The team’s experience with the identification and application of system boundaries and security controls (SP 800-53) within a heterogeneous environment for enterprise and worldwide systems provides the logic and reasoning necessary for the application of such approach to the IoT related technologies. The CPTB platform is designed specifically to SP 800-53.

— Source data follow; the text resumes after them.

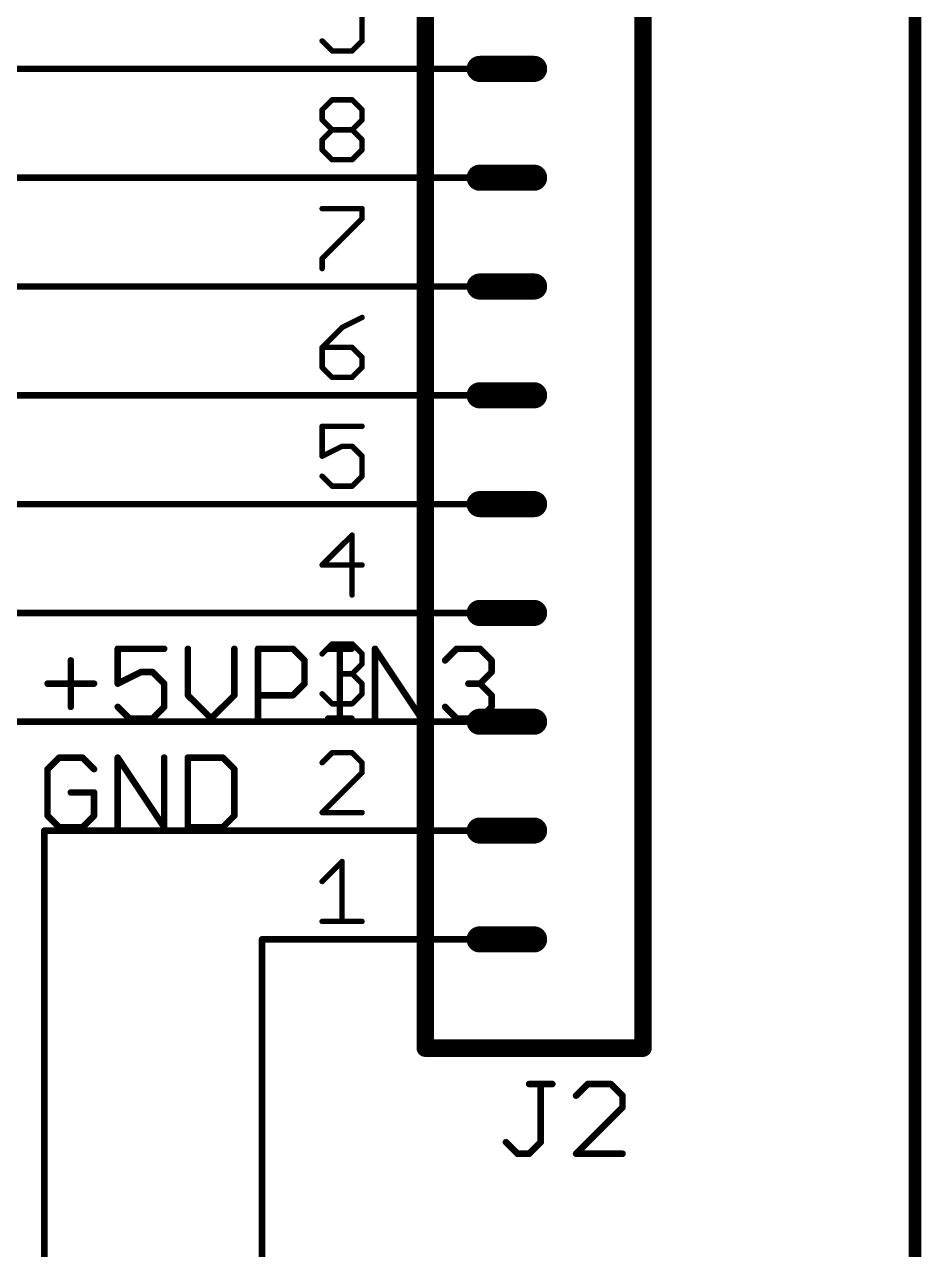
# Model space of a CAD drawing. Extents: x 0 to 264, y 0 to 182.
# Drawn here: x 243.38 to 264.31, y 86.74 to 115.34 of the extents above; entities that cross this region are included whole.
import ezdxf

# ---------------------------------------------------------------- set-up
doc = ezdxf.new("R2010")
doc.units = 0
for name, color, linetype in [('91', 122, 'CONTINUOUS'), ('94', 12, 'CONTINUOUS'), ('95', 251, 'CONTINUOUS'), ('96', 251, 'CONTINUOUS')]:
    doc.layers.add(name, color=color, linetype=linetype)

msp = doc.modelspace()

# ---------------------------------------------------------------- linework, layer by layer
at = {"layer": '91', "const_width": 0.1524}
for points in [[(213.36, 114.3), (248.92, 114.3)], [(215.9, 111.76), (248.92, 111.76)], [(218.44, 109.22), (248.92, 109.22)], [(220.98, 106.68), (248.92, 106.68)], [(223.52, 104.14), (248.92, 104.14)], [(226.06, 101.6), (248.92, 101.6)], [(241.3, 99.06), (248.92, 99.06)], [(248.92, 96.52), (243.84, 96.52)], [(243.84, 96.52), (243.84, 73.66)], [(248.92, 93.98), (248.92, 73.66)]]:
    msp.add_lwpolyline(points, dxfattribs=at)
at = {"layer": '91', "const_width": 0.0762}
for points in [[(248.92, 114.2619, 1), (248.92, 114.3381)], [(248.92, 111.7219, 1), (248.92, 111.7981)], [(248.92, 109.1819, 1), (248.92, 109.2581)], [(248.92, 106.6419, 1), (248.92, 106.7181)], [(248.92, 104.1019, 1), (248.92, 104.1781)], [(248.92, 101.5619, 1), (248.92, 101.6381)], [(248.92, 99.0219, 1), (248.92, 99.0981)], [(243.84, 96.5581, 1), (243.84, 96.4819)], [(243.8781, 96.52, 1), (243.8019, 96.52)], [(248.92, 96.4819, 1), (248.92, 96.5581)], [(248.9581, 93.98, 1), (248.8819, 93.98)]]:
    msp.add_lwpolyline(points, format="xyb", dxfattribs=at)
at = {"layer": '94'}
for points, const_width in [([(264.16, 0), (264.16, 180.34)], 0.3), ([(252.73, 91.44), (252.73, 144.78)], 0.4064), ([(257.81, 144.78), (257.81, 91.44)], 0.4064), ([(255.27, 114.3), (254, 114.3)], 0.6096), ([(248.92, 114.3), (254, 114.3)], 0.1524), ([(248.92, 111.76), (254, 111.76)], 0.1524), ([(255.27, 111.76), (254, 111.76)], 0.6096), ([(255.27, 109.22), (254, 109.22)], 0.6096), ([(248.92, 109.22), (254, 109.22)], 0.1524), ([(255.27, 106.68), (254, 106.68)], 0.6096), ([(248.92, 106.68), (254, 106.68)], 0.1524), ([(255.27, 104.14), (254, 104.14)], 0.6096), ([(248.92, 104.14), (254, 104.14)], 0.1524), ([(255.27, 101.6), (254, 101.6)], 0.6096), ([(248.92, 101.6), (254, 101.6)], 0.1524), ([(255.27, 99.06), (254, 99.06)], 0.6096), ([(248.92, 99.06), (254, 99.06)], 0.1524), ([(255.27, 96.52), (254, 96.52)], 0.6096), ([(248.92, 96.52), (254, 96.52)], 0.1524), ([(255.27, 93.98), (254, 93.98)], 0.6096), ([(248.92, 93.98), (254, 93.98)], 0.1524), ([(252.73, 91.44), (257.81, 91.44)], 0.4064)]:
    msp.add_lwpolyline(points, dxfattribs=dict(at, const_width=const_width))
for points, const_width in [([(254, 114.4524, 1), (254, 114.1476)], 0.3048), ([(255.27, 114.1476, 1), (255.27, 114.4524)], 0.3048), ([(248.92, 114.3381, 1), (248.92, 114.2619)], 0.0762), ([(254, 114.2619, 1), (254, 114.3381)], 0.0762), ([(248.92, 111.7981, 1), (248.92, 111.7219)], 0.0762), ([(254, 111.9124, 1), (254, 111.6076)], 0.3048), ([(254, 111.7219, 1), (254, 111.7981)], 0.0762), ([(255.27, 111.6076, 1), (255.27, 111.9124)], 0.3048), ([(254, 109.3724, 1), (254, 109.0676)], 0.3048), ([(255.27, 109.0676, 1), (255.27, 109.3724)], 0.3048), ([(248.92, 109.2581, 1), (248.92, 109.1819)], 0.0762), ([(254, 109.1819, 1), (254, 109.2581)], 0.0762), ([(254, 106.8324, 1), (254, 106.5276)], 0.3048), ([(255.27, 106.5276, 1), (255.27, 106.8324)], 0.3048), ([(248.92, 106.7181, 1), (248.92, 106.6419)], 0.0762), ([(254, 106.6419, 1), (254, 106.7181)], 0.0762), ([(254, 104.2924, 1), (254, 103.9876)], 0.3048), ([(255.27, 103.9876, 1), (255.27, 104.2924)], 0.3048), ([(248.92, 104.1781, 1), (248.92, 104.1019)], 0.0762), ([(254, 104.1019, 1), (254, 104.1781)], 0.0762), ([(254, 101.7524, 1), (254, 101.4476)], 0.3048), ([(255.27, 101.4476, 1), (255.27, 101.7524)], 0.3048), ([(248.92, 101.6381, 1), (248.92, 101.5619)], 0.0762), ([(254, 101.5619, 1), (254, 101.6381)], 0.0762), ([(254, 99.2124, 1), (254, 98.9076)], 0.3048), ([(255.27, 98.9076, 1), (255.27, 99.2124)], 0.3048), ([(248.92, 99.0981, 1), (248.92, 99.0219)], 0.0762), ([(254, 99.0219, 1), (254, 99.0981)], 0.0762), ([(254, 96.6724, 1), (254, 96.3676)], 0.3048), ([(255.27, 96.3676, 1), (255.27, 96.6724)], 0.3048), ([(248.92, 96.5581, 1), (248.92, 96.4819)], 0.0762), ([(254, 96.4819, 1), (254, 96.5581)], 0.0762), ([(254, 94.1324, 1), (254, 93.8276)], 0.3048), ([(255.27, 93.8276, 1), (255.27, 94.1324)], 0.3048), ([(248.92, 94.0181, 1), (248.92, 93.9419)], 0.0762), ([(254, 93.9419, 1), (254, 94.0181)], 0.0762), ([(252.73, 91.5416, 1), (252.73, 91.3384)], 0.2032), ([(252.6284, 91.44, 1), (252.8316, 91.44)], 0.2032), ([(257.7084, 91.44, 1), (257.9116, 91.44)], 0.2032), ([(257.81, 91.3384, 1), (257.81, 91.5416)], 0.2032)]:
    msp.add_lwpolyline(points, format="xyb", dxfattribs=dict(at, const_width=const_width))
at = {"layer": '95'}
for points, const_width in [([(251.2555, 114.9521), (251.2555, 115.8843)], 0.127), ([(250.3234, 114.9521), (250.5565, 114.7191)], 0.127), ([(251.0225, 114.7191), (251.2555, 114.9521)], 0.127), ([(250.5565, 114.7191), (251.0225, 114.7191)], 0.127), ([(250.3234, 113.3443), (250.5565, 113.5773)], 0.127), ([(250.5565, 113.5773), (251.0225, 113.5773)], 0.127), ([(251.0225, 113.5773), (251.2555, 113.3443)], 0.127), ([(250.3234, 113.1112), (250.3234, 113.3443)], 0.127), ([(251.2555, 113.3443), (251.2555, 113.1112)], 0.127), ([(250.5565, 112.8782), (250.3234, 113.1112)], 0.127), ([(251.2555, 113.1112), (251.0225, 112.8782)], 0.127), ([(250.3234, 112.6452), (250.5565, 112.8782)], 0.127), ([(250.3234, 112.4121), (250.3234, 112.6452)], 0.127), ([(250.5565, 112.8782), (251.0225, 112.8782)], 0.127), ([(251.0225, 112.8782), (251.2555, 112.6452)], 0.127), ([(251.2555, 112.6452), (251.2555, 112.4121)], 0.127), ([(250.5565, 112.1791), (250.3234, 112.4121)], 0.127), ([(251.2555, 112.4121), (251.0225, 112.1791)], 0.127), ([(251.0225, 112.1791), (250.5565, 112.1791)], 0.127), ([(250.3234, 111.0373), (251.2555, 111.0373)], 0.127), ([(251.2555, 111.0373), (251.2555, 110.8043)], 0.127), ([(251.2555, 110.8043), (250.3234, 109.8721)], 0.127), ([(250.3234, 109.8721), (250.3234, 109.6391)], 0.127), ([(251.2555, 108.4973), (250.7895, 108.2643)], 0.127), ([(250.7895, 108.2643), (250.3234, 107.7982)], 0.127), ([(250.3234, 107.7982), (250.3234, 107.3321)], 0.127), ([(251.0225, 107.7982), (250.3234, 107.7982)], 0.127), ([(251.2555, 107.5652), (251.0225, 107.7982)], 0.127), ([(251.2555, 107.3321), (251.2555, 107.5652)], 0.127), ([(250.3234, 107.3321), (250.5565, 107.0991)], 0.127), ([(251.0225, 107.0991), (251.2555, 107.3321)], 0.127), ([(250.5565, 107.0991), (251.0225, 107.0991)], 0.127), ([(251.2555, 105.9573), (250.3234, 105.9573)], 0.127), ([(250.3234, 105.9573), (250.3234, 105.2582)], 0.127), ([(250.3234, 105.2582), (250.7895, 105.4912)], 0.127), ([(250.7895, 105.4912), (251.0225, 105.4912)], 0.127), ([(251.0225, 105.4912), (251.2555, 105.2582)], 0.127), ([(251.2555, 105.2582), (251.2555, 104.7921)], 0.127), ([(250.5565, 104.5591), (250.3234, 104.7921)], 0.127), ([(251.2555, 104.7921), (251.0225, 104.5591)], 0.127), ([(251.0225, 104.5591), (250.5565, 104.5591)], 0.127), ([(251.0225, 103.4173), (250.3234, 102.7182)], 0.127), ([(251.0225, 102.0191), (251.0225, 103.4173)], 0.127), ([(250.3234, 102.7182), (251.2555, 102.7182)], 0.127), ([(250.3234, 100.6443), (250.5565, 100.8773)], 0.127), ([(250.5565, 100.8773), (251.0225, 100.8773)], 0.127), ([(251.0225, 100.8773), (251.2555, 100.6443)], 0.127), ([(246.638, 100.7632), (245.5534, 100.7632)], 0.1524), ([(245.5534, 100.7632), (245.5534, 99.9497)], 0.1524), ([(247.1905, 100.7632), (247.1905, 99.6785)], 0.1524), ([(248.2752, 99.6785), (248.2752, 100.7632)], 0.1524), ([(248.8277, 99.1362), (248.8277, 100.7632)], 0.1524), ([(248.8277, 100.7632), (249.6412, 100.7632)], 0.1524), ([(249.6412, 100.7632), (249.9123, 100.492)], 0.1524), ([(250.4648, 100.7632), (251.0072, 100.7632)], 0.1524), ([(250.736, 99.1362), (250.736, 100.7632)], 0.1524), ([(251.2555, 100.6443), (251.2555, 100.4112)], 0.127), ([(251.5563, 99.1362), (251.5563, 100.7632)], 0.1524), ([(251.5563, 100.7632), (252.6409, 99.1362)], 0.1524), ([(252.6409, 99.1362), (252.6409, 100.7632)], 0.1524), ([(253.1934, 100.492), (253.4646, 100.7632)], 0.1524), ([(253.4646, 100.7632), (254.0069, 100.7632)], 0.1524), ([(254.0069, 100.7632), (254.2781, 100.492)], 0.1524), ([(244.4585, 100.492), (244.4585, 99.4074)], 0.1524), ([(249.9123, 100.492), (249.9123, 99.9497)], 0.1524), ([(251.2555, 100.4112), (251.0225, 100.1782)], 0.127), ([(254.2781, 100.492), (254.2781, 100.2209)], 0.1524), ([(245.5534, 99.9497), (246.0957, 100.2209)], 0.1524), ([(246.0957, 100.2209), (246.3668, 100.2209)], 0.1524), ([(246.3668, 100.2209), (246.638, 99.9497)], 0.1524), ([(251.0225, 100.1782), (250.7895, 100.1782)], 0.127), ([(251.0225, 100.1782), (251.2555, 99.9452)], 0.127), ([(254.2781, 100.2209), (254.0069, 99.9497)], 0.1524), ([(243.9162, 99.9497), (245.0009, 99.9497)], 0.1524), ([(246.638, 99.9497), (246.638, 99.4074)], 0.1524), ([(249.9123, 99.9497), (249.6412, 99.6785)], 0.1524), ([(251.2555, 99.9452), (251.2555, 99.7121)], 0.127), ([(254.0069, 99.9497), (253.7357, 99.9497)], 0.1524), ([(254.0069, 99.9497), (254.2781, 99.6785)], 0.1524), ([(247.1905, 99.6785), (247.7328, 99.1362)], 0.1524), ([(247.7328, 99.1362), (248.2752, 99.6785)], 0.1524), ([(249.6412, 99.6785), (248.8277, 99.6785)], 0.1524), ([(250.5565, 99.4791), (250.3234, 99.7121)], 0.127), ([(251.0225, 99.4791), (250.5565, 99.4791)], 0.127), ([(251.2555, 99.7121), (251.0225, 99.4791)], 0.127), ([(254.2781, 99.6785), (254.2781, 99.4074)], 0.1524), ([(245.8245, 99.1362), (245.5534, 99.4074)], 0.1524), ([(246.638, 99.4074), (246.3668, 99.1362)], 0.1524), ([(253.4646, 99.1362), (253.1934, 99.4074)], 0.1524), ([(254.2781, 99.4074), (254.0069, 99.1362)], 0.1524), ([(246.3668, 99.1362), (245.8245, 99.1362)], 0.1524), ([(250.4648, 99.1362), (251.0072, 99.1362)], 0.1524), ([(254.0069, 99.1362), (253.4646, 99.1362)], 0.1524), ([(250.5565, 98.3373), (250.3234, 98.1043)], 0.127), ([(251.0225, 98.3373), (250.5565, 98.3373)], 0.127), ([(251.2555, 98.1043), (251.0225, 98.3373)], 0.127), ([(244.1874, 98.2232), (243.9162, 97.952)], 0.1524), ([(244.7297, 98.2232), (244.1874, 98.2232)], 0.1524), ([(245.0009, 97.952), (244.7297, 98.2232)], 0.1524), ([(245.5534, 96.5962), (245.5534, 98.2232)], 0.1524), ([(245.5534, 98.2232), (246.638, 96.5962)], 0.1524), ([(246.638, 96.5962), (246.638, 98.2232)], 0.1524), ([(247.1905, 98.2232), (247.1905, 96.5962)], 0.1524), ([(248.004, 98.2232), (247.1905, 98.2232)], 0.1524), ([(248.2752, 97.952), (248.004, 98.2232)], 0.1524), ([(251.2555, 97.8712), (251.2555, 98.1043)], 0.127), ([(243.9162, 97.952), (243.9162, 96.8674)], 0.1524), ([(248.2752, 96.8674), (248.2752, 97.952)], 0.1524), ([(250.3234, 96.9391), (251.2555, 97.8712)], 0.127), ([(245.0009, 97.4097), (244.4585, 97.4097)], 0.1524), ([(245.0009, 96.8674), (245.0009, 97.4097)], 0.1524), ([(243.9162, 96.8674), (244.1874, 96.5962)], 0.1524), ([(244.7297, 96.5962), (245.0009, 96.8674)], 0.1524), ([(248.004, 96.5962), (248.2752, 96.8674)], 0.1524), ([(251.2555, 96.9391), (250.3234, 96.9391)], 0.127), ([(244.1874, 96.5962), (244.7297, 96.5962)], 0.1524), ([(247.1905, 96.5962), (248.004, 96.5962)], 0.1524), ([(250.3234, 95.3312), (250.7895, 95.7973)], 0.127), ([(250.7895, 95.7973), (250.7895, 94.3991)], 0.127), ([(250.3234, 94.3991), (251.2555, 94.3991)], 0.127)]:
    msp.add_lwpolyline(points, dxfattribs=dict(at, const_width=const_width))
for points, const_width in [([(250.3459, 114.9746, 1), (250.301, 114.9297)], 0.0635), ([(251.2238, 114.9521, 1), (251.2873, 114.9521)], 0.0635), ([(251.278, 114.9297, 1), (251.2331, 114.9746)], 0.0635), ([(250.5565, 114.7509, 1), (250.5565, 114.6874)], 0.0635), ([(250.534, 114.6966, 1), (250.5789, 114.7416)], 0.0635), ([(251.0001, 114.7416, 1), (251.045, 114.6966)], 0.0635), ([(251.0225, 114.6874, 1), (251.0225, 114.7509)], 0.0635), ([(250.5565, 113.609, 1), (250.5565, 113.5455)], 0.0635), ([(250.5789, 113.5548, 1), (250.534, 113.5997)], 0.0635), ([(251.045, 113.5997, 1), (251.0001, 113.5548)], 0.0635), ([(251.0225, 113.5455, 1), (251.0225, 113.609)], 0.0635), ([(250.3552, 113.3443, 1), (250.2917, 113.3443)], 0.0635), ([(250.301, 113.3667, 1), (250.3459, 113.3218)], 0.0635), ([(251.2873, 113.3443, 1), (251.2238, 113.3443)], 0.0635), ([(251.2331, 113.3218, 1), (251.278, 113.3667)], 0.0635), ([(250.3459, 113.1337, 1), (250.301, 113.0888)], 0.0635), ([(250.2917, 113.1112, 1), (250.3552, 113.1112)], 0.0635), ([(251.2238, 113.1112, 1), (251.2873, 113.1112)], 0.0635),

The NIST SP 800-53 provides a robust listing of security controls that may be applied to a variety of technology systems. The team will analyze the system requirements applicable to IoT technologies, evaluate the IoT technology concerns and determine the necessary system security controls (as described in NIST SP 800-53) to mitigate IoT vulnerabilities. For specific IoT technologies, the team will enumerate the controls that are applicable to that technology in tables by IoT Class, technology group, and sector. The output will be manifest in a document with tables represented as an Excel spreadsheet to include the functions, categories, sub‐categories, references, etc. Through an iterative and incremental approach, different reference frameworks will be generated and tested. Our team engages with vertical-specific subject matter experts utilizing AI and analytical tools to assure integrity of the mapping model. Once the team generates what they deem is a reasonable reference framework, the product of this iterative approach will be captured in the FLOW Reports described above

Where Else Submitted

Our team, as a prime vendor, along with partnering companies Acquired Data Solutions (ADS), Ramparts and Tesla Laboratories, recently submitted to NIST, as part of its Cybersecurity Research Development & Implementation solicitation response the CPTB platform in support of their IoT task area. In addition to the existing platform at MDA the CPTB platform is soon to be utilized at Defense Advanced Research Projects Agency (DARPA).